# 2007 Tour of California Stages Announced



## rash (Mar 3, 2005)

http://www.amgentourofcalifornia.com/news/press/Host-Cities-Announced-for-07.html

• Prologue: Sunday, Feb. 18 - San Francisco
• Stage 1: Monday, Feb. 19 - Sausalito to Santa Rosa
• Stage 2: Tuesday, Feb. 20 - Santa Rosa to Sacramento
• Stage 3: Wednesday, Feb. 21 - Stockton to San Jose
• Stage 4: Thursday, Feb. 22 - Seaside to San Luis Obispo
• Stage 5: Friday, Feb. 23 - Solvang time trial
• Stage 6: Saturday, Feb. 24 - Santa Barbara to Santa Clarita
• Stage 7: Sunday, Feb. 25 - Long Beach circuit race

:thumbsup:


----------



## mickey-mac (Sep 2, 2000)

Well, we won't have a finish and a start here in San Luis Obispo, but a finish is more than I thought we would get this coming year. I'm already looking forward to seeing them fly into town again. I'm also happy to see my old town Long Beach get a stage.


----------



## jeff262 (Dec 19, 2005)

Too bad there won't be a start in San Luis next year. I followed the tour for a few days last year and by far the best town was San Luis Obispo. The finish was great, but it was hard to beat meeting so many riders just hanging out in the start area before they started out towards SB. Early on there were more riders than fans.


----------



## hornet22 (Nov 25, 2005)

I''m surprised they aren't bringing the tour a little further south into San Diego or at least North County. A ton of people would come out to watch. And why not work in a mountain stage in the Sierras? Can you imagine a stage that went around Lake Tahoe...how cool would that be or in the front gate of Sequoia (sp) and up that killer climb to Morro Rock?
But in the end I'm just glad we've got a big race in this country and in California. Now that's cool!


----------



## jeff262 (Dec 19, 2005)

Too much snow in the Sierras that time of year. Plus I think most of the riders aren't looking for something that killer that early in the season. 

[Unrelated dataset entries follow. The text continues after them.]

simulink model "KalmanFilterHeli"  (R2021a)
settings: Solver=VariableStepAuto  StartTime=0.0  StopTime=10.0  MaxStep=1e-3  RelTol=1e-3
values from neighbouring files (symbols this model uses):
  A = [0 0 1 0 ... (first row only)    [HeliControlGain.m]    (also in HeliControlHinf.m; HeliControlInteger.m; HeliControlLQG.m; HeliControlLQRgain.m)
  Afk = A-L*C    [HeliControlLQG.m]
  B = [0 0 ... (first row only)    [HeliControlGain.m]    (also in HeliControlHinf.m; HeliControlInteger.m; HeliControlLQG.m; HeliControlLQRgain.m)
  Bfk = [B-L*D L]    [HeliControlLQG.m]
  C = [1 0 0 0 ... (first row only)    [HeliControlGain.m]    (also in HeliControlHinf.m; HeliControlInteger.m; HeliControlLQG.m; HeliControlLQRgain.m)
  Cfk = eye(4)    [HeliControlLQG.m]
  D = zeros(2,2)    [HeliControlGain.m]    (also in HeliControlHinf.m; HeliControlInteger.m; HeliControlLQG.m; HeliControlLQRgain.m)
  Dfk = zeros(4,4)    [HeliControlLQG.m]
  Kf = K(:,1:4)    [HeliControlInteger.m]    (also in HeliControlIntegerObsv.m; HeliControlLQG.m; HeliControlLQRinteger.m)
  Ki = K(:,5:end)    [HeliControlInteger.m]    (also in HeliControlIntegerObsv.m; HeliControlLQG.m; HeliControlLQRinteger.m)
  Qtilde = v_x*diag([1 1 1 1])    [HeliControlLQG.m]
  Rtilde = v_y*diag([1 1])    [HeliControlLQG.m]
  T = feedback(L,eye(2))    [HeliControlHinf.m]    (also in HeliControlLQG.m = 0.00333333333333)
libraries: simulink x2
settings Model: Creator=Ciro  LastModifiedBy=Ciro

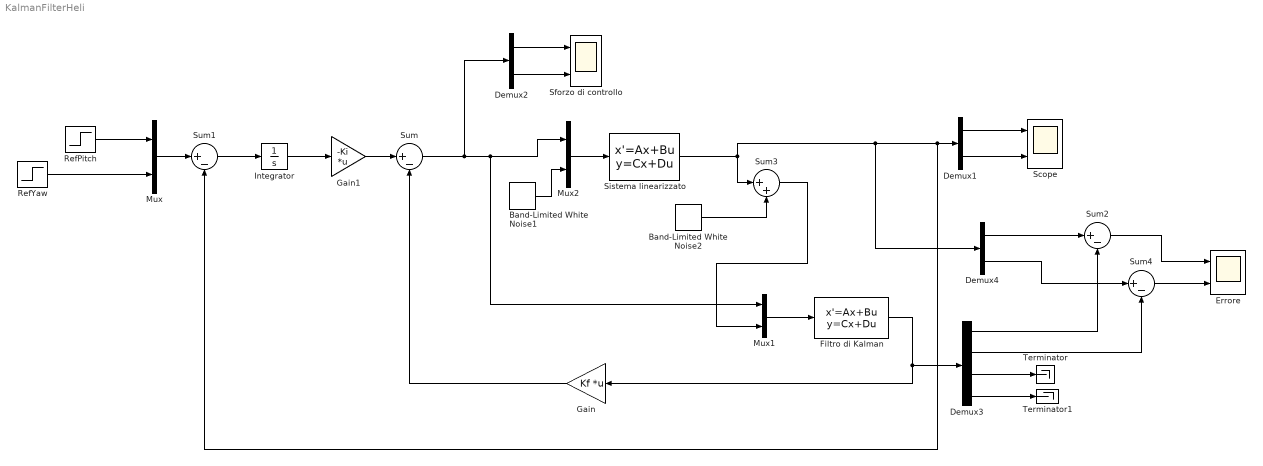
== system KalmanFilterHeli ==
  Band-Limited White Noise1 : simulink/Sources/Band-Limited White Noise  Cov=diag(Qtilde)  Ts=T  seed=[23341]
  Band-Limited White Noise2 : simulink/Sources/Band-Limited White Noise  Cov=diag(Rtilde)  Ts=T  seed=[23341]
  Demux1 : Demux  Outputs=2
  Demux2 : Demux  Outputs=2
  Demux3 : Demux
  Demux4 : Demux  Outputs=2
  Errore : Scope  NumInputPorts=2
  Filtro di Kalman : StateSpace  A=Afk  B=Bfk  C=Cfk  D=Dfk  InitialCondition=0
  Gain : Gain  Gain=Kf  Multiplication=Matrix(K*u)
  Gain1 : Gain  Gain=-Ki  Multiplication=Matrix(K*u)
  Integrator : Integrator
  Mux : Mux  Inputs=2
  Mux1 : Mux  Inputs=2
  Mux2 : Mux  Inputs=2
  RefPitch : Step  After=0.3  SampleTime=0
  RefYaw : Step  After=0.3  SampleTime=0
  Scope : Scope  NumInputPorts=2
  Sforzo di controllo : Scope  NumInputPorts=2
  Sistema linearizzato : StateSpace  A=A  B=[B eye(4)]  C=C  D=[D zeros(2,4)]  InitialCondition=[0;0;0;0]  ParameterTunability=Optimized
  Sum{,1..2,4} (4 alike) : Sum  Inputs=|+-
  Sum3 : Sum  Inputs=|++
  Terminator : Terminator
  Terminator1 : Terminator
  wires:
  Demux1/1 -> Scope/1
  Demux2/2 -> Sforzo di controllo/2
  Demux1/2 -> Scope/2
  Integrator/1 -> Gain1/1
  Sum/1 -> Demux2/1, Mux1/1, Mux2/1
  Mux2/1 -> Sistema linearizzato/1
  Mux/1 -> Sum1/1
  Sum1/1 -> Integrator/1
  RefYaw/1 -> Mux/2
  RefPitch/1 -> Mux/1
  Gain/1 -> Sum/2
  Gain1/1 -> Sum/1
  Demux2/1 -> Sforzo di controllo/1
  Filtro di Kalman/1 -> Gain/1, Demux3/1
  Mux1/1 -> Filtro di Kalman/1
  Band-Limited White Noise1/1 -> Mux2/2
  Band-Limited White Noise2/1 -> Sum3/2
  Sum3/1 -> Mux1/2
  Sistema linearizzato/1 -> Demux4/1, Sum1/2, Demux1/1, Sum3/1
  Demux3/3 -> Terminator/1
  Demux3/4 -> Terminator1/1
  Demux4/1 -> Sum2/1
  Demux3/1 -> Sum2/2
  Sum2/1 -> Errore/1
  Demux4/2 -> Sum4/1
  Demux3/2 -> Sum4/2
  Sum4/1 -> Errore/2

Good point about Southern California, but I think that all of the traffic is likely a reason we won't see it anytime soon. They do a FULL (not rolling) course closure for the race. It was really remarkable to watch. They had trouble enough doing it in areas that didn't have as much traffic as SoCal. If they closed roads down here it would probably be front page news in every newspaper and idiot motorists would be taking out anyone on two wheels for weeks as revenge for being 5 minutes late to the mall.


----------



## hornet22 (Nov 25, 2005)

Good point about the traffic. And yes, snow would probably add a little too much drama to that stage..lol


----------



## HAL9000 (May 1, 2002)

*So how long*

Until we start to see great (parallel) stage races here in the US. Parallel in that they take place in the season, in conjunction with the Euro race season. 

We have the TdeGa & TDeCa. Now we need to develop Stage races in Co, NY, Tx, Ky, Mi... 

Just gotta keep Americans in Yellow by Paris.


----------